# Water and Elves



## Nenya Evenstar (Jan 20, 2003)

> _The Silmarillion_
> But it is said among the Elves that it lay far off in the east of Middle-earth (Cuvienen).... Many waters flowed down thither from heights in the east, and the first sound that was heard by the Elves was the sound of water flowing, and the sound of water falling over stone.


The first sound the Elves heard was the sound of water. Could there be any connection between this first sound and the love of water that was born afterwards in the Race of Elves?


> _The Silmarillion_
> The greatest host came last, and they are named the Teleri.... in water they had great delight, and those that came at last to the western shores were enamoured of the sea. The Sea-elves therefore they became in the land of Aman, the Falmari, for they made music beside the breaking waves.





> _The Silmarillion_
> Those were the Nandor; and they became a people apart, unlike their kin, save that they loved water, and dwelt most beside falls and running streams.


Was this seeming love of the water caused by the first sound the Elves heard?


> _The Two Towers_
> To Legolas she sent this word:
> _Legolas Greenleaf long under tree in joy thou hast lived. Beware of the Sea! If thou hearest the cry of the gull on the shore, thy heart shall then rest in the forest no more."_


Does the Sea Longing also have something to do with this? Or is the Sea Longing simply something that is caused because of a longing for Aman in the far West?


> Now Ulmo, by the counsel of the Valar, came to the shores of Middle-earth and spoke with the Eldar who waited there, gazing on the dark waves; and because of his words and the music which he made for them on his horns of shell their fear of the sea was turned rather to desire.


Does this also connect?


----------



## Maedhros (Jan 22, 2003)

> The first sound the Elves heard was the sound of water. Could there be any connection between this first sound and the love of water that was born afterwards in the Race of Elves?

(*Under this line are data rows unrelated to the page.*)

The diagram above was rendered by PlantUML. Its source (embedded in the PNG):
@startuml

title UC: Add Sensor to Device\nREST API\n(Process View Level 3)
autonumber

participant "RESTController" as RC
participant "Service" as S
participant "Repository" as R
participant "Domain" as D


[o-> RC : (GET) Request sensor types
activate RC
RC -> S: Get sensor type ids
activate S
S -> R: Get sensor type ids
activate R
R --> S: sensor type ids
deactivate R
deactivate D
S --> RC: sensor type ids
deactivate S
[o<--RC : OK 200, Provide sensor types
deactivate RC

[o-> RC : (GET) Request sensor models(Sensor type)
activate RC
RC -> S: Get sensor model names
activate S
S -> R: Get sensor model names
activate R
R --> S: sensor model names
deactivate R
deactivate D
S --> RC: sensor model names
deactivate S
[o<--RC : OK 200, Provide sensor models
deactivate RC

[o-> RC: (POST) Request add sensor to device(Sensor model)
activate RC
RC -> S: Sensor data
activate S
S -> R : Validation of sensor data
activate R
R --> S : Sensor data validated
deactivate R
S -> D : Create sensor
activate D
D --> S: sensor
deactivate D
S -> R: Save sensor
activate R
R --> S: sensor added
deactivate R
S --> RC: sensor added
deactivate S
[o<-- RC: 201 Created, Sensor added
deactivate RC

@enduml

I think that it also has a connection with the fact that water is the real of Ulmo who happened to be the Vala who was most instructed of Music by Ilúvatar.


----------



## Ithrynluin (Jan 23, 2003)

I believe that the love of water/sea is something that is present in the subconsciousness of every Elf; possibly, it is reminiscent of the road to Valinor, the Undying Lands, where they belong and where their true home lies. The sound of waves, which is in fact the voice of Ulmo, is (I imagine) a constant reminder of the bliss that awaits them over the sundering seas.


----------



## Nenya Evenstar (Jan 24, 2003)

> By the starlit mere of Cuiviénen, Water of Awakening, they rose from the sleep of Ilúvatar; and while they dwelt yet silent by Cuiviénen their eyes beheld first of all things the stars of heaven. Therefore they have ever loved the starlight, and have revered Varda Elentári above all the Valar.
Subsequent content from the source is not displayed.